(Drama en un acto con dos actores)
PERSONAJES
El Inspector Schuh
La Señora Macholke
Una mesa y una silla. El
Inspector, sentado en esta y acodado en aquella, hojea unos papeles. Otra silla
enfrente. Paragüero, papelera y perchero de pie.
(Llaman a la puerta).
Inspector.— ¡Alto! ¡Adelante!
(Entra una mujer pisando firme y se planta frente al inspector con los
brazos en jarras).
Señora.— (Aire campechano,
voz fuerte). Mi querido poli, debe llevar usted taponcitos en las orejas.
Hace ya dos horas que estoy esperando.
Inspector.— (Tranquilo y
amable). Ante todo, señora, yo no soy su querido poli y, además, usted
espera desde hace veinte minutos exactamente.
Señora.—¿Le parece poco? (Con
tono más agresivo). Los policías deben de pensar que todo el mundo tiene
tanto tiempo como ellos, ¿no, señor comisario?
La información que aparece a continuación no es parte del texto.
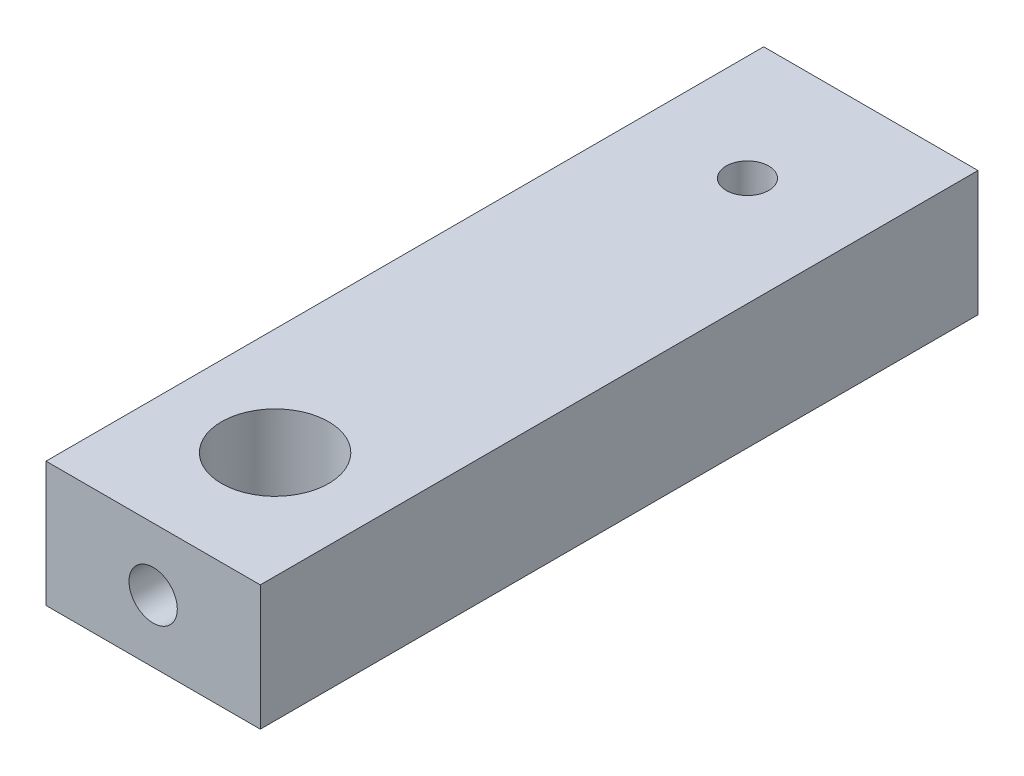
from build123d import *

# Parameters (mm, degrees)
SKETCH9_W                           = 12
SKETCH9_H                           = 40.19
EXTRUDE3_DEPTH                      = 7
F_3_32_0_09375_DIAMETER_HOLE1_D     = 2.38125
F_3_32_0_09375_DIAMETER_HOLE1_DEPTH = 10
F_3_32_0_09375_DIAMETER_HOLE1_TIP   = 0.715399675
F_6_0_6_DIAMETER_HOLE1_D            = 6
F_6_0_6_DIAMETER_HOLE1_DEPTH        = 10
F_6_0_6_DIAMETER_HOLE1_TIP          = 1.802581857
F_6_32_TAPPED_HOLE2_D               = 2.7051
F_6_32_TAPPED_HOLE2_DEPTH           = 7.9624
F_6_32_TAPPED_HOLE2_TIP             = 0.81269403
F_6_32_TAPPED_HOLE1_D               = 2.7051
F_6_32_TAPPED_HOLE1_DEPTH           = 9.96
F_6_32_TAPPED_HOLE1_TIP             = 0.81269403


with BuildPart() as part:
    # Sketch9 → Extrude3 (new body)
    with BuildSketch(Plane(origin=(0, 0, 0), x_dir=(1, 0, 0), z_dir=(0, 1, 0))):
        Rectangle(SKETCH9_W, SKETCH9_H)
    extrude(amount=EXTRUDE3_DEPTH)

    # 3/32 (0.09375) Diameter Hole1
    with Locations(Plane(origin=(-0.08113915, 7, -13.266251032), x_dir=(0, 0, 1), z_dir=(0, 1, 0))):
        with Locations((0, 0)):
            Hole(F_3_32_0_09375_DIAMETER_HOLE1_D / 2, depth=F_3_32_0_09375_DIAMETER_HOLE1_DEPTH)
            with Locations((0, 0, -(F_3_32_0_09375_DIAMETER_HOLE1_DEPTH + F_3_32_0_09375_DIAMETER_HOLE1_TIP / 2))):  # 118° drill point
                Cone(0, F_3_32_0_09375_DIAMETER_HOLE1_D / 2, F_3_32_0_09375_DIAMETER_HOLE1_TIP, mode=Mode.SUBTRACT)

    # Ø6.0 (6) Diameter Hole1
    with Locations(Plane(origin=(0, 7, 13.266499161), x_dir=(0, 0, 1), z_dir=(0, 1, 0))):
        with Locations((0, 0)):
            Hole(F_6_0_6_DIAMETER_HOLE1_D / 2, depth=F_6_0_6_DIAMETER_HOLE1_DEPTH)
            with Locations((0, 0, -(F_6_0_6_DIAMETER_HOLE1_DEPTH + F_6_0_6_DIAMETER_HOLE1_TIP / 2))):  # 118° drill point
                Cone(0, F_6_0_6_DIAMETER_HOLE1_D / 2, F_6_0_6_DIAMETER_HOLE1_TIP, mode=Mode.SUBTRACT)

    # #6-32 Tapped Hole2
    with Locations(Plane(origin=(0, 3.5, 20.095), x_dir=(1, 0, 0), z_dir=(0, 0, 1))):
        with Locations((0, 0)):
            Hole(F_6_32_TAPPED_HOLE2_D / 2, depth=F_6_32_TAPPED_HOLE2_DEPTH)
            with Locations((0, 0, -(F_6_32_TAPPED_HOLE2_DEPTH + F_6_32_TAPPED_HOLE2_TIP / 2))):  # 118° drill point
                Cone(0, F_6_32_TAPPED_HOLE2_D / 2, F_6_32_TAPPED_HOLE2_TIP, mode=Mode.SUBTRACT)

    # #6-32 Tapped Hole1
    with Locations(Plane(origin=(0, 3.5, -20.095), x_dir=(-1, 0, 0), z_dir=(0, 0, -1))):
        with Locations((0, 0)):
            Hole(F_6_32_TAPPED_HOLE1_D / 2, depth=F_6_32_TAPPED_HOLE1_DEPTH)
            with Locations((0, 0, -(F_6_32_TAPPED_HOLE1_DEPTH + F_6_32_TAPPED_HOLE1_TIP / 2))):  # 118° drill point
                Cone(0, F_6_32_TAPPED_HOLE1_D / 2, F_6_32_TAPPED_HOLE1_TIP, mode=Mode.SUBTRACT)


solid = part.part

Inspector.—Soy el inspector Schuh, como ha podido ver en el letrero
de la puerta.
Señora.—¡No voy a ir leyendo toda
la bazofia que le echan a una!
Inspector.— (Carraspea).
Mejor será que deje el paraguas en su sitio y tome asiento de una vez, señora
Macholke.
(Con asombrosa puntería la señora mete el paraguas en el paragüero
desde dos metros de distancia y se vuelve al funcionario).
Señora.—¡Prefiero estar de pie!
Inspector.—Si quiere que le salgan varices, como le parezca. Las
piernas son suyas.
Señora.—¿Es una amenaza?
Inspector.—¿Qué?
Señora.—¡Lo de las varices!
Inspector.—¡No, por Dios! Una mera opinión sin trascendencia.
Señora.—Cuando la policía opina, échate a temblar. ¡Eso es más viejo
que Adán y la tonta de Eva!
Inspector.—¡Podría ser un poco más amable, señora Macholke!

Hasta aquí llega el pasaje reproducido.